The classified data feeds into cross-well trend analysis. The planning team sees which NPT categories recur across wells and which basins have higher incident rates. Patterns that span multiple wells surface automatically. Campaign-level benchmarking now runs in hours.

## `04` The Results

### From weeks of manual report review to under two hours, with $4.2M saved across one campaign

The first result was visibility. The model detected NPT events that had gone unreported in the original DDRs. Events classified as "operations" or "standby" contained real NPT that had never been quantified. AI-discovered NPT amounted to 7% of total reported NPT. That equals $42,000 per well.

> **$4.2M** · In drilling cost savings · One full month of rig time saved across 100 wells

Drilling engineers saw a 30% productivity increase. Analysis that consumed weeks of reading and classifying now completes in under two hours.

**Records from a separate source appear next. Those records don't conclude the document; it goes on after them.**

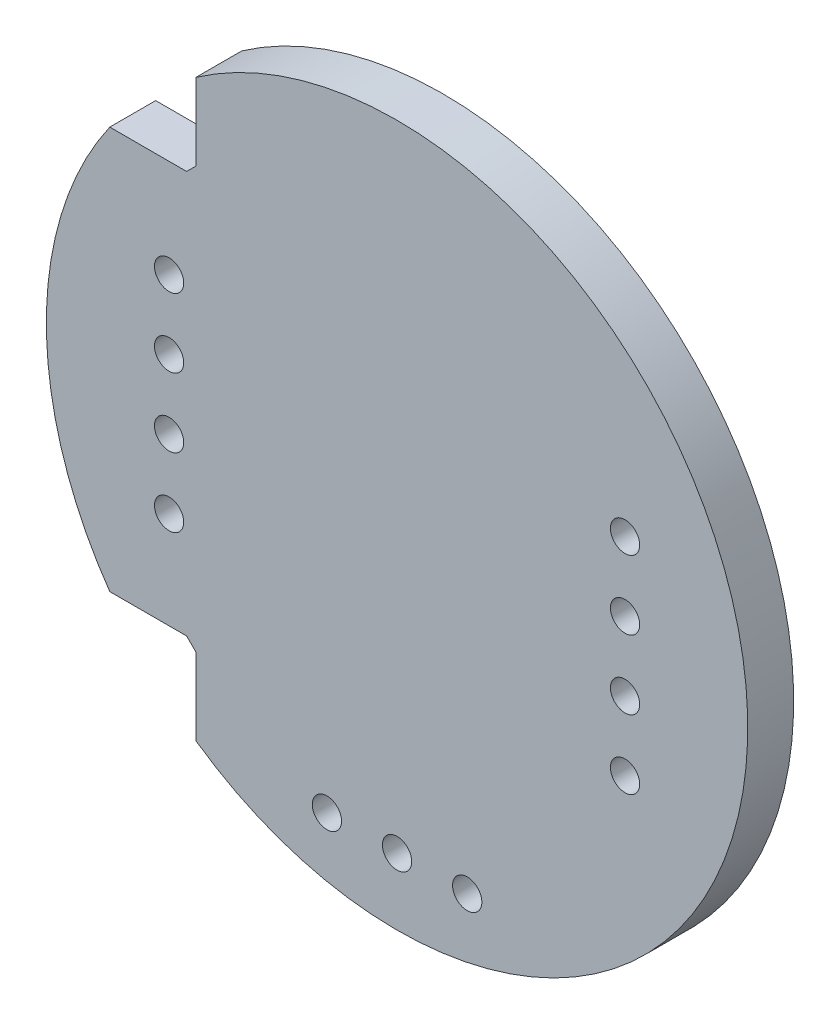
ISO-10303-21;
HEADER;
FILE_DESCRIPTION(('STEP AP214'),'2;1');
FILE_NAME('part.step','',(''),(''),'','','');
FILE_SCHEMA(('AUTOMOTIVE_DESIGN { 1 0 10303 214 1 1 1 1 }'));
ENDSEC;
DATA;
#1=APPLICATION_CONTEXT('core data for automotive mechanical design processes');
#2=APPLICATION_PROTOCOL_DEFINITION('international standard','automotive_design',2000,#1);
#3=PRODUCT_CONTEXT('',#1,'mechanical');
#4=PRODUCT('Part','Part','',(#3));
#5=PRODUCT_RELATED_PRODUCT_CATEGORY('part','',(#4));
#6=PRODUCT_DEFINITION_FORMATION('','',#4);
#7=PRODUCT_DEFINITION_CONTEXT('part definition',#1,'design');
#8=PRODUCT_DEFINITION('design','',#6,#7);
#9=PRODUCT_DEFINITION_SHAPE('','',#8);
#10=(LENGTH_UNIT() NAMED_UNIT(*) SI_UNIT(.MILLI.,.METRE.));
#11=(NAMED_UNIT(*) PLANE_ANGLE_UNIT() SI_UNIT($,.RADIAN.));
#12=(NAMED_UNIT(*) SI_UNIT($,.STERADIAN.) SOLID_ANGLE_UNIT());
#13=UNCERTAINTY_MEASURE_WITH_UNIT(LENGTH_MEASURE(1.E-05),#10,'distance_accuracy_value','');
#14=(GEOMETRIC_REPRESENTATION_CONTEXT(3) GLOBAL_UNCERTAINTY_ASSIGNED_CONTEXT((#13)) GLOBAL_UNIT_ASSIGNED_CONTEXT((#10,
#11,#12)) REPRESENTATION_CONTEXT('',''));
#15=CARTESIAN_POINT('',(0.,0.,0.));
#16=DIRECTION('',(0.,0.,1.));
#17=DIRECTION('',(1.,0.,0.));
#18=AXIS2_PLACEMENT_3D('',#15,#16,#17);
#19=CARTESIAN_POINT('',(17.780000686646,18.115999221802,0.));
#20=DIRECTION('',(0.707106781186548,0.707106781186548,0.));
#21=DIRECTION('',(-0.707106781186548,0.707106781186548,0.));
#22=AXIS2_PLACEMENT_3D('',#19,#20,#21);
#23=PLANE('',#22);
#24=DIRECTION('',(0.,0.,-1.));
#25=VECTOR('',#24,1.);
#26=CARTESIAN_POINT('',(18.115999221802,17.780000686646,0.));
#27=LINE('',#26,#25);
#28=CARTESIAN_POINT('',(18.115999221802,17.780000686646,0.));
#29=VERTEX_POINT('',#28);
#30=CARTESIAN_POINT('',(18.115999221802,17.780000686646,1.6614394));
#31=VERTEX_POINT('',#30);
#32=EDGE_CURVE('E92',#29,#31,#27,.F.);
#33=ORIENTED_EDGE('',*,*,#32,.T.);
#34=DIRECTION('',(0.707106781186548,-0.707106781186548,0.));
#35=VECTOR('',#34,1.);
#36=CARTESIAN_POINT('',(17.780000686646,18.115999221802,1.6614394));
#37=LINE('',#36,#35);
#38=CARTESIAN_POINT('',(17.780000686646,18.115999221802,1.6614394));
#39=VERTEX_POINT('',#38);
#40=EDGE_CURVE('E77',#39,#31,#37,.T.);
#41=ORIENTED_EDGE('',*,*,#40,.F.);
#42=DIRECTION('',(0.,0.,1.));
#43=VECTOR('',#42,1.);
#44=CARTESIAN_POINT('',(17.780000686646,18.115999221802,0.));
#45=LINE('',#44,#43);
#46=CARTESIAN_POINT('',(17.780000686646,18.115999221802,0.));
#47=VERTEX_POINT('',#46);
#48=EDGE_CURVE('E94',#39,#47,#45,.F.);
#49=ORIENTED_EDGE('',*,*,#48,.T.);
#50=DIRECTION('',(-0.707106781186548,0.707106781186548,0.));
#51=VECTOR('',#50,1.);
#52=CARTESIAN_POINT('',(17.780000686646,18.115999221802,0.));
#53=LINE('',#52,#51);
#54=EDGE_CURVE('E87',#29,#47,#53,.T.);
#55=ORIENTED_EDGE('',*,*,#54,.F.);
#56=EDGE_LOOP('',(#33,#41,#49,#55));
#57=FACE_BOUND('',#56,.T.);
#58=ADVANCED_FACE('F17',(#57),#23,.F.);
#59=CARTESIAN_POINT('',(18.115999221802,33.020000457764,0.));
#60=DIRECTION('',(0.707110795155155,-0.707102767195155,0.));
#61=DIRECTION('',(0.707102767195155,0.707110795155155,0.));
#62=AXIS2_PLACEMENT_3D('',#59,#60,#61);
#63=PLANE('',#62);
#64=DIRECTION('',(0.,0.,-1.));
#65=VECTOR('',#64,1.);
#66=CARTESIAN_POINT('',(17.780000686646,32.68399810791,0.));
#67=LINE('',#66,#65);
#68=CARTESIAN_POINT('',(17.7800006866458,32.6839981079102,0.));
#69=VERTEX_POINT('',#68);
#70=CARTESIAN_POINT('',(17.780000686646,32.68399810791,1.6614394));
#71=VERTEX_POINT('',#70);
#72=EDGE_CURVE('E132',#69,#71,#67,.F.);
#73=ORIENTED_EDGE('',*,*,#72,.T.);
#74=DIRECTION('',(-0.707102767194094,-0.707110795156215,0.));
#75=VECTOR('',#74,1.);
#76=CARTESIAN_POINT('',(18.115999221802,33.020000457764,1.6614394));
#77=LINE('',#76,#75);
#78=CARTESIAN_POINT('',(18.115999221802,33.020000457764,1.6614394));
#79=VERTEX_POINT('',#78);
#80=EDGE_CURVE('E158',#79,#71,#77,.T.);
#81=ORIENTED_EDGE('',*,*,#80,.F.);
#82=DIRECTION('',(0.,0.,-1.));
#83=VECTOR('',#82,1.);
#84=CARTESIAN_POINT('',(18.115999221802,33.020000457764,0.));
#85=LINE('',#84,#83);
#86=CARTESIAN_POINT('',(18.115999221802,33.020000457764,0.));
#87=VERTEX_POINT('',#86);
#88=EDGE_CURVE('E135',#79,#87,#85,.T.);
#89=ORIENTED_EDGE('',*,*,#88,.T.);
#90=DIRECTION('',(0.707102767195155,0.707110795155155,0.));
#91=VECTOR('',#90,1.);
#92=CARTESIAN_POINT('',(18.115999221802,33.020000457764,0.));
#93=LINE('',#92,#91);
#94=EDGE_CURVE('E96',#69,#87,#93,.T.);
#95=ORIENTED_EDGE('',*,*,#94,.F.);
#96=EDGE_LOOP('',(#73,#81,#89,#95));
#97=FACE_BOUND('',#96,.T.);
#98=ADVANCED_FACE('F441',(#97),#63,.F.);
#99=CARTESIAN_POINT('',(14.996999740601,18.115999221802,1.6614394));
#100=DIRECTION('',(0.,0.,1.));
#101=DIRECTION('',(1.,0.,0.));
#102=AXIS2_PLACEMENT_3D('',#99,#100,#101);
#103=PLANE('',#102);
#104=CARTESIAN_POINT('',(33.655,26.67,1.6614394));
#105=DIRECTION('',(0.,0.,-1.));
#106=DIRECTION('',(-1.,0.,0.));
#107=AXIS2_PLACEMENT_3D('',#104,#105,#106);
#108=CIRCLE('',#107,0.53);
#109=CARTESIAN_POINT('',(33.125,26.67,1.6614394));
#110=VERTEX_POINT('',#109);
#111=EDGE_CURVE('E115',#110,#110,#108,.T.);
#112=ORIENTED_EDGE('',*,*,#111,.T.);
#113=EDGE_LOOP('',(#112));
#114=FACE_BOUND('',#113,.T.);
#115=CARTESIAN_POINT('',(33.655,24.17,1.6614394));
#116=DIRECTION('',(0.,0.,-1.));
#117=DIRECTION('',(-1.,0.,0.));
#118=AXIS2_PLACEMENT_3D('',#115,#116,#117);
#119=CIRCLE('',#118,0.53);
#120=CARTESIAN_POINT('',(33.125,24.17,1.6614394));
#121=VERTEX_POINT('',#120);
#122=EDGE_CURVE('E213',#121,#121,#119,.T.);
#123=ORIENTED_EDGE('',*,*,#122,.T.);
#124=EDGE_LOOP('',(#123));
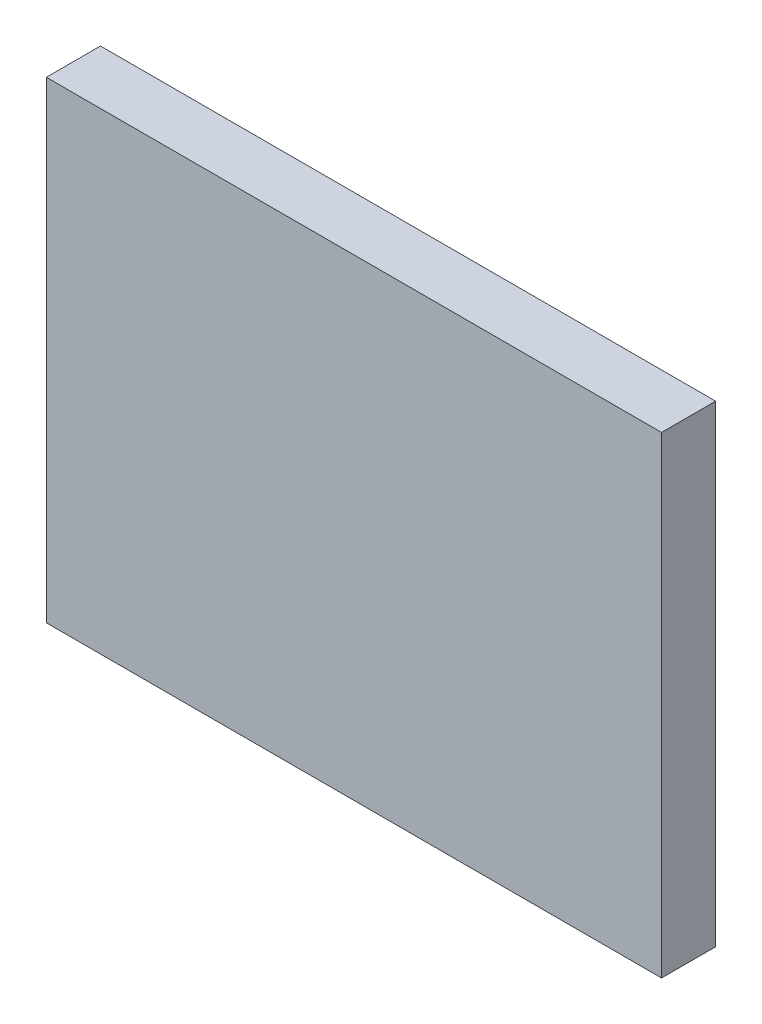
ISO-10303-21;
HEADER;
FILE_DESCRIPTION(('STEP AP214'),'2;1');
FILE_NAME('part.step','',(''),(''),'','','');
FILE_SCHEMA(('AUTOMOTIVE_DESIGN { 1 0 10303 214 1 1 1 1 }'));
ENDSEC;
DATA;
#1=APPLICATION_CONTEXT('core data for automotive mechanical design processes');
#2=APPLICATION_PROTOCOL_DEFINITION('international standard','automotive_design',2000,#1);
#3=PRODUCT_CONTEXT('',#1,'mechanical');
#4=PRODUCT('Part','Part','',(#3));
#5=PRODUCT_RELATED_PRODUCT_CATEGORY('part','',(#4));
#6=PRODUCT_DEFINITION_FORMATION('','',#4);
#7=PRODUCT_DEFINITION_CONTEXT('part definition',#1,'design');
#8=PRODUCT_DEFINITION('design','',#6,#7);
#9=PRODUCT_DEFINITION_SHAPE('','',#8);
#10=(LENGTH_UNIT() NAMED_UNIT(*) SI_UNIT(.MILLI.,.METRE.));
#11=(NAMED_UNIT(*) PLANE_ANGLE_UNIT() SI_UNIT($,.RADIAN.));
#12=(NAMED_UNIT(*) SI_UNIT($,.STERADIAN.) SOLID_ANGLE_UNIT());
#13=UNCERTAINTY_MEASURE_WITH_UNIT(LENGTH_MEASURE(1.E-05),#10,'distance_accuracy_value','');
#14=(GEOMETRIC_REPRESENTATION_CONTEXT(3) GLOBAL_UNCERTAINTY_ASSIGNED_CONTEXT((#13)) GLOBAL_UNIT_ASSIGNED_CONTEXT((#10,
#11,#12)) REPRESENTATION_CONTEXT('',''));
#15=CARTESIAN_POINT('',(0.,0.,0.));
#16=DIRECTION('',(0.,0.,1.));
#17=DIRECTION('',(1.,0.,0.));
#18=AXIS2_PLACEMENT_3D('',#15,#16,#17);
#19=CARTESIAN_POINT('',(6.46403826108748,0.614093810952887,1.6));
#20=DIRECTION('',(0.,0.,1.));
#21=DIRECTION('',(1.,0.,0.));
#22=AXIS2_PLACEMENT_3D('',#19,#20,#21);
#23=PLANE('',#22);
#24=DIRECTION('',(0.,-1.,0.));
#25=VECTOR('',#24,1.);
#26=CARTESIAN_POINT('',(31.4640382610875,19.8140938109529,1.6));
#27=LINE('',#26,#25);
#28=CARTESIAN_POINT('',(31.4640382610875,19.8140938109529,1.6));
#29=VERTEX_POINT('',#28);
#30=CARTESIAN_POINT('',(31.4640382610875,-18.5859061890471,1.6));
#31=VERTEX_POINT('',#30);
#32=EDGE_CURVE('E27',#29,#31,#27,.T.);
#33=ORIENTED_EDGE('',*,*,#32,.T.);
#34=DIRECTION('',(-1.,0.,0.));
#35=VECTOR('',#34,1.);
#36=CARTESIAN_POINT('',(31.4640382610875,-18.5859061890471,1.6));
#37=LINE('',#36,#35);
#38=CARTESIAN_POINT('',(-18.5359617389125,-18.5859061890471,1.6));
#39=VERTEX_POINT('',#38);
#40=EDGE_CURVE('E20',#31,#39,#37,.T.);
#41=ORIENTED_EDGE('',*,*,#40,.T.);
#42=DIRECTION('',(0.,1.,0.));
#43=VECTOR('',#42,1.);
#44=CARTESIAN_POINT('',(-18.5359617389125,-18.5859061890471,1.6));
#45=LINE('',#44,#43);
#46=CARTESIAN_POINT('',(-18.5359617389125,19.8140938109529,1.6));
#47=VERTEX_POINT('',#46);
#48=EDGE_CURVE('E77',#39,#47,#45,.T.);
#49=ORIENTED_EDGE('',*,*,#48,.T.);
#50=DIRECTION('',(1.,0.,0.));
#51=VECTOR('',#50,1.);
#52=CARTESIAN_POINT('',(-18.5359617389125,19.8140938109529,1.6));
#53=LINE('',#52,#51);
#54=EDGE_CURVE('E55',#47,#29,#53,.T.);
#55=ORIENTED_EDGE('',*,*,#54,.T.);
#56=EDGE_LOOP('',(#33,#41,#49,#55));
#57=FACE_BOUND('',#56,.T.);
#58=ADVANCED_FACE('F16',(#57),#23,.F.);
#59=CARTESIAN_POINT('',(6.46403826108748,0.614093810952887,6.));
#60=DIRECTION('',(0.,0.,1.));
#61=DIRECTION('',(1.,0.,0.));
#62=AXIS2_PLACEMENT_3D('',#59,#60,#61);
#63=PLANE('',#62);
#64=DIRECTION('',(0.,1.,0.));
#65=VECTOR('',#64,1.);
#66=CARTESIAN_POINT('',(31.4640382610875,19.8140938109529,6.));
#67=LINE('',#66,#65);
#68=CARTESIAN_POINT('',(31.4640382610875,-18.5859061890471,6.));
#69=VERTEX_POINT('',#68);
#70=CARTESIAN_POINT('',(31.4640382610875,19.8140938109529,6.));
#71=VERTEX_POINT('',#70);
#72=EDGE_CURVE('E11',#69,#71,#67,.T.);
#73=ORIENTED_EDGE('',*,*,#72,.T.);
#74=DIRECTION('',(-1.,0.,0.));
#75=VECTOR('',#74,1.);
#76=CARTESIAN_POINT('',(-18.5359617389125,19.8140938109529,6.));
#77=LINE('',#76,#75);
#78=CARTESIAN_POINT('',(-18.5359617389125,19.8140938109529,6.));
#79=VERTEX_POINT('',#78);
#80=EDGE_CURVE('E141',#71,#79,#77,.T.);
#81=ORIENTED_EDGE('',*,*,#80,.T.);
#82=DIRECTION('',(0.,-1.,0.));
#83=VECTOR('',#82,1.);
#84=CARTESIAN_POINT('',(-18.5359617389125,-18.5859061890471,6.));
#85=LINE('',#84,#83);
#86=CARTESIAN_POINT('',(-18.5359617389125,-18.5859061890471,6.));
#87=VERTEX_POINT('',#86);
#88=EDGE_CURVE('E63',#79,#87,#85,.T.);
#89=ORIENTED_EDGE('',*,*,#88,.T.);
#90=DIRECTION('',(1.,0.,0.));
#91=VECTOR('',#90,1.);
#92=CARTESIAN_POINT('',(31.4640382610875,-18.5859061890471,6.));
#93=LINE('',#92,#91);
#94=EDGE_CURVE('E94',#87,#69,#93,.T.);
#95=ORIENTED_EDGE('',*,*,#94,.T.);
#96=EDGE_LOOP('',(#73,#81,#89,#95));
#97=FACE_BOUND('',#96,.T.);
#98=ADVANCED_FACE('F188',(#97),#63,.T.);
#99=CARTESIAN_POINT('',(31.4640382610875,-18.5859061890471,1.6));
#100=DIRECTION('',(1.,0.,0.));
#101=DIRECTION('',(0.,1.,0.));
#102=AXIS2_PLACEMENT_3D('',#99,#100,#101);
#103=PLANE('',#102);
#104=ORIENTED_EDGE('',*,*,#32,.F.);
#105=DIRECTION('',(0.,0.,1.));
#106=VECTOR('',#105,1.);
#107=CARTESIAN_POINT('',(31.4640382610875,19.8140938109529,1.6));
#108=LINE('',#107,#106);
#109=EDGE_CURVE('E87',#29,#71,#108,.T.);
#110=ORIENTED_EDGE('',*,*,#109,.T.);
#111=ORIENTED_EDGE('',*,*,#72,.F.);
#112=DIRECTION('',(0.,0.,1.));
#113=VECTOR('',#112,1.);
#114=CARTESIAN_POINT('',(31.4640382610875,-18.5859061890471,1.6));
#115=LINE('',#114,#113);
#116=EDGE_CURVE('E89',#31,#69,#115,.T.);
#117=ORIENTED_EDGE('',*,*,#116,.F.);
#118=EDGE_LOOP('',(#104,#110,#111,#117));
#119=FACE_BOUND('',#118,.T.);
#120=ADVANCED_FACE('F90',(#119),#103,.T.);
#121=CARTESIAN_POINT('',(31.4640382610875,19.8140938109529,1.6));
#122=DIRECTION('',(0.,1.,0.));
#123=DIRECTION('',(1.,0.,0.));
#124=AXIS2_PLACEMENT_3D('',#121,#122,#123);
#125=PLANE('',#124);
#126=ORIENTED_EDGE('',*,*,#54,.F.);
#127=DIRECTION('',(0.,0.,1.));
#128=VECTOR('',#127,1.);
#129=CARTESIAN_POINT('',(-18.5359617389125,19.8140938109529,1.6));
#130=LINE('',#129,#128);
#131=EDGE_CURVE('E131',#47,#79,#130,.T.);
#132=ORIENTED_EDGE('',*,*,#131,.T.);
#133=ORIENTED_EDGE('',*,*,#80,.F.);
#134=ORIENTED_EDGE('',*,*,#109,.F.);
#135=EDGE_LOOP('',(#126,#132,#133,#134));
#136=FACE_BOUND('',#135,.T.);
#137=ADVANCED_FACE('F173',(#136),#125,.T.);
#138=CARTESIAN_POINT('',(-18.5359617389125,19.8140938109529,1.6));
#139=DIRECTION('',(-1.,0.,0.));
#140=DIRECTION('',(0.,0.,1.));
#141=AXIS2_PLACEMENT_3D('',#138,#139,#140);
#142=PLANE('',#141);
#143=ORIENTED_EDGE('',*,*,#48,.F.);
#144=DIRECTION('',(0.,0.,1.));
#145=VECTOR('',#144,1.);
#146=CARTESIAN_POINT('',(-18.5359617389125,-18.5859061890471,1.6));
#147=LINE('',#146,#145);
#148=EDGE_CURVE('E97',#39,#87,#147,.T.);
#149=ORIENTED_EDGE('',*,*,#148,.T.);
#150=ORIENTED_EDGE('',*,*,#88,.F.);
#151=ORIENTED_EDGE('',*,*,#131,.F.);
#152=EDGE_LOOP('',(#143,#149,#150,#151));
#153=FACE_BOUND('',#152,.T.);
#154=ADVANCED_FACE('F18',(#153),#142,.T.);
#155=CARTESIAN_POINT('',(-18.5359617389125,-18.5859061890471,1.6));
#156=DIRECTION('',(0.,-1.,0.));
#157=DIRECTION('',(0.,0.,-1.));
#158=AXIS2_PLACEMENT_3D('',#155,#156,#157);
#159=PLANE('',#158);
#160=ORIENTED_EDGE('',*,*,#40,.F.);
#161=ORIENTED_EDGE('',*,*,#116,.T.);
#162=ORIENTED_EDGE('',*,*,#94,.F.);
#163=ORIENTED_EDGE('',*,*,#148,.F.);
#164=EDGE_LOOP('',(#160,#161,#162,#163));
#165=FACE_BOUND('',#164,.T.);
#166=ADVANCED_FACE('F96',(#165),#159,.T.);
#167=CLOSED_SHELL('',(#58,#98,#120,#137,#154,#166));
#168=MANIFOLD_SOLID_BREP('B1',#167);
#169=ADVANCED_BREP_SHAPE_REPRESENTATION('',(#18,#168),#14);
#170=SHAPE_DEFINITION_REPRESENTATION(#9,#169);
ENDSEC;
END-ISO-10303-21;

Engineers shifted from data extraction to the work that requires their expertise: interpreting patterns and adjusting well plans.

"The routine review of reports could takes us weeks, now it is much faster — hours. We can identify root causes of Non-Productive Time and save millions in operational costs with a click." · VP of Drilling Operations

Across the 100-well campaign, the savings added up. $4 million in drilling costs. One full month of rig time recovered. Engineering staff reallocated from manual data review to high-value analysis.

## `05` What's Next

### A drilling intelligence platform that gets smarter with every campaign

Every new campaign adds more DDRs to the platform. Every new report refines the model's understanding of the client's drilling patterns and risk profile. Provectus works with the client on extending AI capabilities into additional upstream workflows.